What Happened
An attacker compromised the maintainer account for the Ruby gem 'strong_password' and published version 0.0.7 containing remote code execution capabilities. Rubygems.org reported 537 downloads before the malicious version was removed. The vulnerability, assigned CVE-2019-13354, was discovered through manual code review by the owner of withatwist.dev—not through automated scanning tools.
The compromised gem was in production repositories for an unknown period. Any application that updated to version 0.0.7 during that time pulled in code that could execute arbitrary commands on the host system.
Timeline
Initial compromise: Attacker gains access to maintainer credentials on Rubygems.org.
Malicious publish: Version 0.0.7 released with remote code execution payload.
Download window: 537 installations occur across an unknown number of organizations.
Discovery: Manual changelog audit by withatwist.dev owner identifies anomalous code.
Response: Malicious version removed from Rubygems.org.

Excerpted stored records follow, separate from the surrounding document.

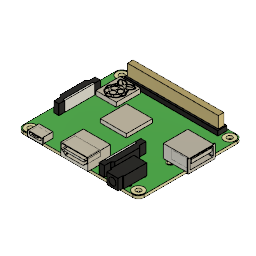
Raspberry PI 3 Model A+ - TG v7 (Autodesk Fusion 360 design; units mm, degrees)
Autodesk Fusion 360 part; units mm, degrees
note: some values were not read from the file. Set by a fixed rule: which sketch regions a step uses.
(part 1 of 2)
sketch "Board Outline" plane through (0, 0, 0) normal (0, 0, 1) x (1, 0, 0)
  arc A0 (0, 3) -> (3, 0) centre (3, 3) ccw
  line L0 (3, 0) -> (62, 0)
  line L1 (0, 53) -> (0, 3)
  arc A1 (3, 56) -> (0, 53) centre (3, 53) ccw
  circle A2 centre (61.5, 52.5) radius 3
  circle A3 centre (3.5, 52.5) radius 1.4
  arc A4 (65, 53) -> (62, 56) centre (62, 53) ccw
  circle A5 centre (61.5, 3.5) radius 1.4
  circle A6 centre (3.5, 3.5) radius 1.4
  arc A7 (62, 0) -> (65, 3) centre (62, 3) ccw
  circle A8 centre (61.5, 52.5) radius 1.4
  circle A9 centre (3.5, 52.5) radius 3
  circle A10 centre (61.5, 3.5) radius 3
  line L2 (65, 3) -> (65, 53)
  line L3 (62, 56) -> (3, 56)
  circle A11 centre (3.5, 3.5) radius 3
extrude "Extrude1" add sketch "Board Outline" along normal blind 1.5 contours A0 L0 L1 A1 A4 A7 L2 L3 makes body 1
extrude "Extrude2" add sketch "Board Outline" along normal blind 1.49 contours A2 | A9 | A10 | A11 bodies 1
sketch "Bottom Mounting Pads" plane through (0, 0, 0) normal (0, 0, -1) x (1, 0, 0)
  circle A0 centre (61.5, -3.5) radius 1.4
  circle A1 centre (3.5, -3.5) radius 1.4
  circle A2 centre (61.5, -52.5) radius 1.4
  circle A3 centre (3.5, -52.5) radius 1.4
  line L0 (3, -56) -> (62, -56)
  arc A4 (62, -56) -> (65, -53) centre (62, -53) ccw
  line L1 (65, -53) -> (65, -3)
  arc A5 (65, -3) -> (62, 0) centre (62, -3) ccw
  line L2 (62, 0) -> (3, 0)
  arc A6 (3, 0) -> (0, -3) centre (3, -3) ccw
  line L3 (0, -3) -> (0, -53)
  arc A7 (0, -53) -> (3, -56) centre (3, -53) ccw
extrude "Extrude3" cut sketch "Board Outline" along normal blind 0.01 contours A2 | A9 | A10 | A11 bodies 1
sketch "Components - Top" plane through (0, 0, 1.5) normal (0, 0, 1) x (1, 0, 0)
  line L0 (46.35, 19.35) -> (46.35, 22.7)
  line L1 (46.35, 22.7) -> (43.55, 22.7)
  line L2 (43.55, 22.7) -> (43.55, 0.3)
  line L3 (43.55, 3.5) -> (44.45, 3.5)
  line L4 (47.5, 4.8) -> (47.5, 18.2)
  line L5 (44.45, 19.5) -> (43.55, 19.5)
  line L6 (44.45, 3.5) -> (44.45, 19.5)
  line L7 (6.58, -1.22) -> (14.62, -1.22)
  line L8 (19.975, 24.525) -> (33.975, 24.525)
  line L9 (14.62, -1.22) -> (14.62, -0.6)
  line L10 (39.25, -1.5) -> (39.25, 10.65)
  line L11 (19.975, 38.525) -> (19.975, 24.525)
  line L12 (33.975, 38.525) -> (19.975, 38.525)
  line L13 (14.35, -0.6) -> (14.35, 4.71)
  line L14 (33.975, 24.525) -> (33.975, 38.525)
  line L15 (14.62, -0.6) -> (6.58, -0.6)
  line L16 (24.75, -1.5) -> (39.25, -1.5)
  line L17 (6.58, -0.6) -> (6.58, -1.22)
  line L18 (24.75, 10.65) -> (24.75, -1.5)
  line L19 (6.85, -0.6) -> (14.35, -0.6)
  line L20 (6.85, 4.71) -> (6.85, -0.6)
  line L21 (14.35, 4.71) -> (6.85, 4.71)
  line L22 (2.6, 39.2) -> (2.6, 35.8)
  line L23 (1.5, 21.3) -> (2.65, 20.15)
  line L24 (39.25, 10.65) -> (24.75, 10.65)
  line L25 (2.65, 20.15) -> (2.65, 16.8)
  line L26 (2.65, 16.8) -> (5.45, 16.8)
  line L27 (4.55, 20) -> (5.45, 20)
  line L28 (5.45, 16.8) -> (5.45, 39.2)
  line L29 (5.45, 36) -> (4.55, 36)
  line L30 (1.5, 34.7) -> (1.5, 21.3)
  line L31 (2.6, 35.8) -> (1.5, 34.7)
  line L32 (4.55, 36) -> (4.55, 20)
  line L33 (47.5, 18.2) -> (46.35, 19.35)
  line L34 (5.45, 39.2) -> (2.6, 39.2)
  line L35 (43.55, 0.3) -> (46.4, 0.3)
  line L36 (46.4, 0.3) -> (46.4, 3.7)
  line L37 (46.4, 3.7) -> (47.5, 4.8)
extrude "Extrude4" add sketch "Components - Top" along normal blind 2 separate body contours L8 L11 L12 L14 makes body 2
extrude "Extrude5" add sketch "Components - Top" along normal blind 5.5 separate body contours L0 L1 L2 L3 L4 L5 L6 L33 L35 L36 L37 | L22 L23 L25 L26 L27 L28 L29 L30 L31 L32 L34 makes body 3 at (4.55, 30.6667, 3.3333) makes body 4 at (44.45, 8.8333, 3.3333)
extrude "Extrude6" add sketch "Components - Top" along normal blind 5.51 separate body contours L2 L3 L5 L6 | L27 L28 L29 L32 makes body 5 at (5.45, 25.3333, 3.3367) makes body 6 at (44.45, 8.8333, 3.3367)
extrude "Extrude7" add sketch "Components - Top" along normal blind 6.5 separate body contours L10 L16 L18 L24 makes body 7
extrude "Extrude8" add sketch "Components - Top" along normal blind 3 separate body contours L7 L9 L15 L17 L19 | L13 L15 L19 L20 L21 makes body 8
sketch "Components - Bottom" plane through (0, 0, 0) normal (0, 0, -1) x (-1, 0, 0)
  line L0 (-13.135, 34.1) -> (-13.135, 22.11)
  line L1 (-1.685, 34.1) -> (-13.135, 34.1)
  line L2 (-13.135, 22.11) -> (-1.685, 22.11)
  line L3 (-1.685, 22.11) -> (-1.685, 34.1)
  line L4 (-1.685, 22.51) -> (2.265, 22.51)
  line L5 (-49.6, 39.5) -> (-37.6, 39.5)
  line L6 (2.265, 22.51) -> (2.265, 33.51)
  line L7 (2.265, 33.51) -> (-1.685, 33.51)
  line L8 (-37.6, 39.5) -> (-37.6, 27.5)
  line L9 (-37.6, 27.5) -> (-49.6, 27.5)
  line L10 (-49.6, 27.5) -> (-49.6, 39.5)
extrude "Extrude9" add sketch "Components - Bottom" along normal blind 0.65 separate body contours L5 L8 L9 L10 makes body 9
extrude "Extrude10" add sketch "Components - Bottom" along normal blind 1.45 separate body contours L0 L1 L2 L3 | L3 L4 L6 L7 makes body 10
sketch "Pads" plane through (0, 0, 1.5) normal (0, 0, 1) x (1, 0, 0)
  circle A0 centre (54.5, 30.45) radius 0.75
  circle A1 centre (56.63, 51.23) radius 0.8
  circle A2 centre (57.21, 24.88) radius 1.725
  circle A3 centre (8.37, 53.77) radius 0.8
  circle A4 centre (54.5, 27.95) radius 0.75
  circle A5 centre (50.3, 3.5) radius 0.9
  circle A6 centre (54.5, 32.45) radius 0.75
  circle A7 centre (54.5, 34.95) radius 0.75
  line L0 (9.17, 52.03) -> (9.17, 50.43)
  circle A8 centre (41.39, 51.23) radius 0.8
  circle A9 centre (41.39, 53.77) radius 0.8
  line L1 (7.57, 52.03) -> (9.17, 52.03)
  line L2 (7.57, 50.43) -> (7.57, 52.03)
  circle A10 centre (57.21, 38.02) radius 1.725
  line L3 (9.17, 50.43) -> (7.57, 50.43)
  circle A11 centre (46.47, 51.23) radius 0.8
  circle A12 centre (28.69, 53.77) radius 0.8
  circle A13 centre (38.85, 53.77) radius 0.8
  circle A14 centre (15.99, 51.23) radius 0.8
  circle A15 centre (54.09, 53.77) radius 0.8
  circle A16 centre (49.01, 51.23) radius 0.8
  circle A17 centre (13.45, 53.77) radius 0.8
  circle A18 centre (46.47, 53.77) radius 0.8
  circle A19 centre (21.07, 51.23) radius 0.8
  circle A20 centre (23.61, 51.23) radius 0.8
  circle A21 centre (36.31, 51.23) radius 0.8
  circle A22 centre (10.91, 53.77) radius 0.8
  circle A23 centre (43.93, 51.23) radius 0.8
  circle A24 centre (43.93, 53.77) radius 0.8
  circle A25 centre (21.07, 53.77) radius 0.8
  circle A26 centre (56.63, 53.77) radius 0.8
  circle A27 centre (13.45, 51.23) radius 0.8
  circle A28 centre (26.15, 53.77) radius 0.8
  circle A29 centre (50.6, 11.5) radius 0.475
  circle A30 centre (41.39, 53.77) radius 0.475
  circle A31 centre (36.31, 51.23) radius 0.475
  circle A32 centre (10.91, 51.23) radius 0.8
  circle A33 centre (23.61, 51.23) radius 0.475
  circle A34 centre (49.01, 53.77) radius 0.475
  circle A35 centre (49.01, 51.23) radius 0.475
  circle A36 centre (54.09, 51.23) radius 0.475
  circle A37 centre (28.69, 51.23) radius 0.8
  circle A38 centre (54.5, 34.95) radius 0.475
  circle A39 centre (43.93, 53.77) radius 0.475
  circle A40 centre (51.55, 51.23) radius 0.475
  circle A41 centre (23.61, 53.77) radius 0.8
  circle A42 centre (53.5, 12.2) radius 0.475
  circle A43 centre (56.63, 53.77) radius 0.475
  circle A44 centre (36.31, 53.77) radius 0.475
  circle A45 centre (46.47, 51.23) radius 0.475
  circle A46 centre (54.09, 53.77) radius 0.475
  circle A47 centre (38.85, 51.23) radius 0.475
  circle A48 centre (49.01, 53.77) radius 0.8
  circle A49 centre (54.5, 32.45) radius 0.475
  circle A50 centre (31.23, 53.77) radius 0.475
  circle A51 centre (18.53, 53.77) radius 0.8
  circle A52 centre (33.77, 51.23) radius 0.475
  circle A53 centre (15.99, 53.77) radius 0.8
  circle A54 centre (31.23, 51.23) radius 0.8
  circle A55 centre (54.09, 51.23) radius 0.8
  circle A56 centre (23.61, 53.77) radius 0.475
  circle A57 centre (50.3, 3.5) radius 0.475
  circle A58 centre (18.53, 51.23) radius 0.8
  circle A59 centre (31.23, 53.77) radius 0.8
  circle A60 centre (54.5, 27.95) radius 0.475
  circle A61 centre (53.5, 12.2) radius 0.9
  circle A62 centre (26.15, 53.77) radius 0.475
  circle A63 centre (51.55, 51.23) radius 0.8
  circle A64 centre (56.63, 51.23) radius 0.475
  circle A65 centre (46.47, 53.77) radius 0.475
  circle A66 centre (36.31, 53.77) radius 0.8
  circle A67 centre (33.77, 53.77) radius 0.8
  circle A68 centre (56.7, 3.5) radius 0.475
  circle A69 centre (56.7, 3.5) radius 0.9
  circle A70 centre (41.39, 51.23) radius 0.475
  circle A71 centre (57.21, 38.02) radius 1.15
  circle A72 centre (38.85, 53.77) radius 0.475
  circle A73 centre (57.21, 24.88) radius 1.15
  circle A74 centre (31.23, 51.23) radius 0.475
  circle A75 centre (56.4, 11.5) radius 0.475
  circle A76 centre (51.55, 53.77) radius 0.475
  circle A77 centre (38.85, 51.23) radius 0.8
  circle A78 centre (26.15, 51.23) radius 0.8
  circle A79 centre (43.93, 51.23) radius 0.475
  circle A80 centre (51.55, 53.77) radius 0.8
  circle A81 centre (33.77, 51.23) radius 0.8
  circle A82 centre (56.4, 11.5) radius 0.9
  circle A83 centre (54.5, 30.45) radius 0.475
  circle A84 centre (28.69, 53.77) radius 0.475
  circle A85 centre (50.6, 11.5) radius 0.9
  circle A86 centre (33.77, 53.77) radius 0.475
  circle A87 centre (8.37, 53.77) radius 0.475
  circle A88 centre (15.99, 53.77) radius 0.475
  circle A89 centre (13.45, 51.23) radius 0.475
  circle A90 centre (10.91, 53.77) radius 0.475
  circle A91 centre (10.91, 51.23) radius 0.475
  circle A92 centre (15.99, 51.23) radius 0.475
  circle A93 centre (21.07, 53.77) radius 0.475
  circle A94 centre (28.69, 51.23) radius 0.475
  circle A95 centre (21.07, 51.23) radius 0.475
  circle A96 centre (8.37, 51.23) radius 0.475
  circle A97 centre (13.45, 53.77) radius 0.475
  circle A98 centre (18.53, 53.77) radius 0.475
  circle A99 centre (18.53, 51.23) radius 0.475
  circle A100 centre (26.15, 51.23) radius 0.475
extrude "Extrude11" cut sketch "Pads" against normal blind 0.01 contours L0 L1 L2 L3 bodies 1
hole "Hole2" at (56.63, 53.77, 1.5) direction (0, 0, -1) diameter 0.95 depth 1.5 tip angle 118 counterbore diameter 1.6 counterbore depth 0.01 bodies 1
sketch "Sketch14" plane through (0, 0, 0) normal (0, 0, -1) x (1, 0, 0)
  line L0 (3, -56) -> (62, -56)
  arc A0 (62, -56) -> (65, -53) centre (62, -53) ccw
  line L1 (65, -53) -> (65, -3)
  arc A1 (65, -3) -> (62, 0) centre (62, -3) ccw
  line L2 (62, 0) -> (3, 0)
  arc A2 (3, 0) -> (0, -3) centre (3, -3) ccw
  line L3 (0, -3) -> (0, -53)
  arc A3 (0, -53) -> (3, -56) centre (3, -53) ccw
  circle A4 centre (56.63, -53.77) radius 0.8
  circle A5 centre (61.5, -3.5) radius 3
  circle A6 centre (61.5, -52.5) radius 3
  circle A7 centre (3.5, -3.5) radius 3
  circle A8 centre (3.5, -52.5) radius 3
  circle A9 centre (56.63, -53.77) radius 0.475
extrude "Extrude12" cut sketch "Sketch14" against normal blind 0.01 contours A4 bodies 1
pattern_linear "R-Pattern1" count 20 spacing 2.54 along (-1, 0, 0) count 2 spacing 2.54 along (0, -1, 0) of "Hole2", "Extrude12"
extrude "Extrude13" cut sketch "Pads" against normal up to surface (1.5 mm away) contours A29 | A38 | A42 | A49 | A57 | A60 | A68 | A71 | A73 | A75 | A83 bodies 1
extrude "Extrude14" cut sketch "Pads" against normal blind 0.01 contours A0 | A2 | A4 | A5 | A6 | A7 | A10 | A61 | A69 | A82 | A85 bodies 1
sketch "Additional Components" plane through (0, 0, 1.5) normal (0, 0, 1) x (1, 0, 0)
  line L0 (8.425, 1.95) -> (8.425, 1.25)
  line L1 (7.325, 1.25) -> (7.325, 1.95)
  line L2 (50, 12.5) -> (50, 0)
  line L3 (56.5, -2.5) -> (56.5, 0)
  arc A0 (12.775, 1.95) -> (13.875, 1.95) centre (13.325, 1.95) cw
  line L4 (56.5, 0) -> (50.5, 0)
  line L5 (50.5, 0) -> (50.5, -2.5)
  arc A1 (8.7, 4.43) -> (7.65, 4.43) centre (8.175, 4.43) cw
  line L6 (67.5, 38.02) -> (67.5, 38.8)
  line L7 (12.5, 4.43) -> (12.5, 4.83)
  line L8 (13.55, 4.83) -> (13.55, 4.43)
  line L9 (13.875, 1.95) -> (13.875, 1.25)
  arc A2 (7.325, 1.95) -> (8.425, 1.95) centre (7.875, 1.95) cw
  line L10 (67.5, 38.8) -> (67, 38.8)
  line L11 (12.775, 1.25) -> (12.775, 1.95)
  arc A3 (13.875, 1.25) -> (12.775, 1.25) centre (13.325, 1.25) cw
  arc A4 (12.5, 4.83) -> (13.55, 4.83) centre (13.025, 4.83) cw
  line L12 (8.7, 4.83) -> (8.7, 4.43)
  line L13 (53.5, 24.88) -> (53.5, 38.02)
  line L14 (67, 24.1) -> (67, 24.88)
  line L15 (67.5, 24.88) -> (53.5, 24.88)
  line L16 (67.5, 38.02) -> (67.5, 24.1)
  line L17 (7.65, 4.43) -> (7.65, 4.83)
  arc A5 (7.65, 4.83) -> (8.7, 4.83) centre (8.175, 4.83) cw
  line L18 (67, 38.8) -> (67, 38.02)
  line L19 (57, 0) -> (57, 12.5)
  arc A6 (13.55, 4.43) -> (12.5, 4.43) centre (13.025, 4.43) cw
  arc A7 (8.425, 1.25) -> (7.325, 1.25) centre (7.875, 1.25) cw
  line L20 (67.5, 24.1) -> (67, 24.1)
  line L21 (57, 12.5) -> (50, 12.5)
  arc A8 (8.5, 4.43) -> (7.85, 4.43) centre (8.175, 4.43) cw
  line L22 (7.525, 1.25) -> (7.525, 1.95)
  line L23 (50, 0) -> (57, 0)
  arc A9 (24, 3.49) -> (25.5, 3.49) centre (24.75, 3.49) cw
  arc A10 (38.5, 9.95) -> (40, 9.95) centre (39.25, 9.95) cw
  arc A11 (7.85, 4.83) -> (8.5, 4.83) centre (8.175, 4.83) cw
  line L24 (12.7, 4.43) -> (12.7, 4.83)
  line L25 (53.5, 38.02) -> (67.5, 38.02)
  arc A12 (38.5, 3.49) -> (40, 3.49) centre (39.25, 3.49) cw
  arc A13 (40, 8.15) -> (38.5, 8.15) centre (39.25, 8.15) cw
  line L26 (24, 8.15) -> (24, 9.95)
  arc A14 (25.5, 8.15) -> (24, 8.15) centre (24.75, 8.15) cw
  arc A15 (8.5, 4.43) -> (7.85, 4.43) centre (8.175, 4.43) cw
  line L27 (8.5, 4.83) -> (8.5, 4.43)
  line L28 (7.85, 4.43) -> (7.85, 4.83)
  line L29 (25.5, 9.95) -> (25.5, 8.15)
  arc A16 (13.35, 4.43) -> (12.7, 4.43) centre (13.025, 4.43) cw
  arc A17 (8.225, 1.25) -> (7.525, 1.25) centre (7.875, 1.25) cw
  line L30 (13.35, 4.83) -> (13.35, 4.43)
  line L31 (40, 3.49) -> (40, 2.69)
  line L32 (24, 2.69) -> (24, 3.49)
  line L33 (25.5, 3.49) -> (25.5, 2.69)
  line L34 (40, 9.95) -> (40, 8.15)
  line L35 (7.85, 4.43) -> (7.85, 4.83)
  line L36 (7.85, 4.43) -> (7.85, 4.83)
  arc A18 (7.85, 4.83) -> (8.5, 4.83) centre (8.175, 4.83) cw
  arc A19 (7.85, 4.83) -> (8.5, 4.83) centre (8.175, 4.83) cw
  arc A20 (40, 2.69) -> (38.5, 2.69) centre (39.25, 2.69) cw
  arc A21 (24, 9.95) -> (25.5, 9.95) centre (24.75, 9.95) cw
  arc A22 (7.525, 1.95) -> (8.225, 1.95) centre (7.875, 1.95) cw
  line L37 (50.5, -2.5) -> (56.5, -2.5)
  line L38 (38.5, 2.69) -> (38.5, 3.49)
  line L39 (38.5, 8.15) -> (38.5, 9.95)
  line L40 (8.5, 4.83) -> (8.5, 4.43)
  line L41 (8.225, 1.95) -> (8.225, 1.25)
  arc A23 (7.85, 4.83) -> (8.5, 4.83) centre (8.175, 4.83) cw
  line L42 (8.5, 4.83) -> (8.5, 4.43)
  line L43 (8.5, 4.83) -> (8.5, 4.43)
  arc A24 (25.5, 2.69) -> (24, 2.69) centre (24.75, 2.69) cw
  arc A25 (12.975, 1.95) -> (13.675, 1.95) centre (13.325, 1.95) cw
  arc A26 (8.5, 4.43) -> (7.85, 4.43) centre (8.175, 4.43) cw
  arc A27 (39.8, 2.69) -> (38.7, 2.69) centre (39.25, 2.69) cw
  line L44 (38.7, 8.15) -> (38.7, 9.95)
  line L45 (8.5, 4.83) -> (8.5, 4.43)
  line L46 (12.975, 1.25) -> (12.975, 1.95)
  arc A28 (8.5, 4.43) -> (7.85, 4.43) centre (8.175, 4.43) cw
  line L47 (38.7, 2.69) -> (38.7, 3.49)
  line L48 (25.3, 3.49) -> (25.3, 2.69)
  line L49 (25.3, 9.95) -> (25.3, 8.15)
  arc A29 (12.7, 4.83) -> (13.35, 4.83) centre (13.025, 4.83) cw
  arc A30 (24.2, 9.95) -> (25.3, 9.95) centre (24.75, 9.95) cw
  arc A31 (8.5, 4.43) -> (7.85, 4.43) centre (8.175, 4.43) cw
  arc A32 (38.7, 9.95) -> (39.8, 9.95) centre (39.25, 9.95) cw
  arc A33 (8.5, 4.43) -> (7.85, 4.43) centre (8.175, 4.43) cw
  line L50 (39.8, 9.95) -> (39.8, 8.15)
  arc A34 (13.675, 1.25) -> (12.975, 1.25) centre (13.325, 1.25) cw
  line L51 (24.2, 2.69) -> (24.2, 3.49)
  line L52 (24.2, 8.15) -> (24.2, 9.95)
  line L53 (13.675, 1.95) -> (13.675, 1.25)
  line L54 (39.8, 3.49) -> (39.8, 2.69)
  arc A35 (25.3, 8.15) -> (24.2, 8.15) centre (24.75, 8.15) cw
  line L55 (7.85, 4.43) -> (7.85, 4.83)
  line L56 (8.5, 4.83) -> (8.5, 4.43)
  line L57 (7.85, 4.43) -> (7.85, 4.83)
  arc A36 (7.85, 4.83) -> (8.5, 4.83) centre (8.175, 4.83) cw
  line L58 (7.85, 4.43) -> (7.85, 4.83)
  arc A37 (38.7, 3.49) -> (39.8, 3.49) centre (39.25, 3.49) cw
  arc A38 (25.3, 2.69) -> (24.2, 2.69) centre (24.75, 2.69) cw
  arc A39 (7.85, 4.83) -> (8.5, 4.83) centre (8.175, 4.83) cw
  arc A40 (39.8, 8.15) -> (38.7, 8.15) centre (39.25, 8.15) cw
  arc A41 (8.5, 4.43) -> (7.85, 4.43) centre (8.175, 4.43) cw
  arc A42 (7.85, 4.83) -> (8.5, 4.83) centre (8.175, 4.83) cw
  line L59 (8.5, 4.83) -> (8.5, 4.43)
  arc A43 (7.85, 4.83) -> (8.5, 4.83) centre (8.175, 4.83) cw
  line L60 (7.85, 4.43) -> (7.85, 4.83)
  line L61 (7.85, 4.43) -> (7.85, 4.83)
  arc A44 (8.5, 4.43) -> (7.85, 4.43) centre (8.175, 4.43) cw
  arc A45 (24.2, 3.49) -> (25.3, 3.49) centre (24.75, 3.49) cw
  line L62 (8.5, 4.83) -> (8.5, 4.43)
  line L63 (6, 49.1) -> (17, 49.1)
  line L64 (17, 49.1) -> (17, 36.1)
  line L65 (17, 36.1) -> (6, 36.1)
  line L66 (6, 36.1) -> (6, 49.1)
  line L67 (62, 56) -> (3, 56)
  line L68 (0, 53) -> (0, 3)
  line L69 (57.625, 55) -> (7.375, 55)
  line L70 (7.375, 55) -> (7.375, 50)
  line L71 (7.375, 50) -> (57.625, 50)
  line L72 (57.625, 50) -> (57.625, 55)
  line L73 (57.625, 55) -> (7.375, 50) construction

Advisory: CVE-2019-13354 published.
The gap between publish and discovery represents the critical exposure window. The 537 downloads suggest the malicious version was available for days or weeks, not hours.
Which Controls Failed or Were Missing
Dependency pinning: Teams using flexible version constraints (~> 0.0) automatically pulled the malicious version. Lockfiles provided no protection if developers ran bundle update.
Maintainer account security: The attacker compromised a single account. There was no evidence of multi-factor authentication enforcement or anomaly detection on the publish action.
Automated vulnerability scanning: Tools like Snyk didn't flag the malicious version immediately. The discovery came from a human reading the actual code changes, not from signature-based detection.
Code review of dependency updates: Most teams treat bundle update as routine maintenance. Nobody was reading the diff for a password validation library.
Network egress controls: The remote code execution payload required outbound network access to be useful to the attacker. If compromised applications ran in environments with strict egress filtering, the impact would be contained.
What the Relevant Standards Require
PCI DSS v4.0.1 Requirement 6.3.2: "An inventory of bespoke and custom software, and third-party software components incorporated into bespoke and custom software is maintained to facilitate vulnerability and patch management."
You need a software bill of materials (SBOM). When a supply-chain incident hits, you must answer "are we affected?" in minutes, not days. That requires knowing every dependency, in every application, at every version.
OWASP Top 10 2021 - A06:2021 Vulnerable and Outdated Components: "You do not know the versions of all components you use (both client-side and server-side). This includes components you directly use as well as nested dependencies."
The strong_password incident demonstrates exactly this failure mode. Teams knew they used the gem but didn't track when updates occurred or what changed between versions.
NIST 800-53 Rev 5 Control SA-10 (Developer Configuration Management): "The organization requires the developer of the information system, system component, or information system service to perform configuration management during system, component, or service development, implementation, and operation."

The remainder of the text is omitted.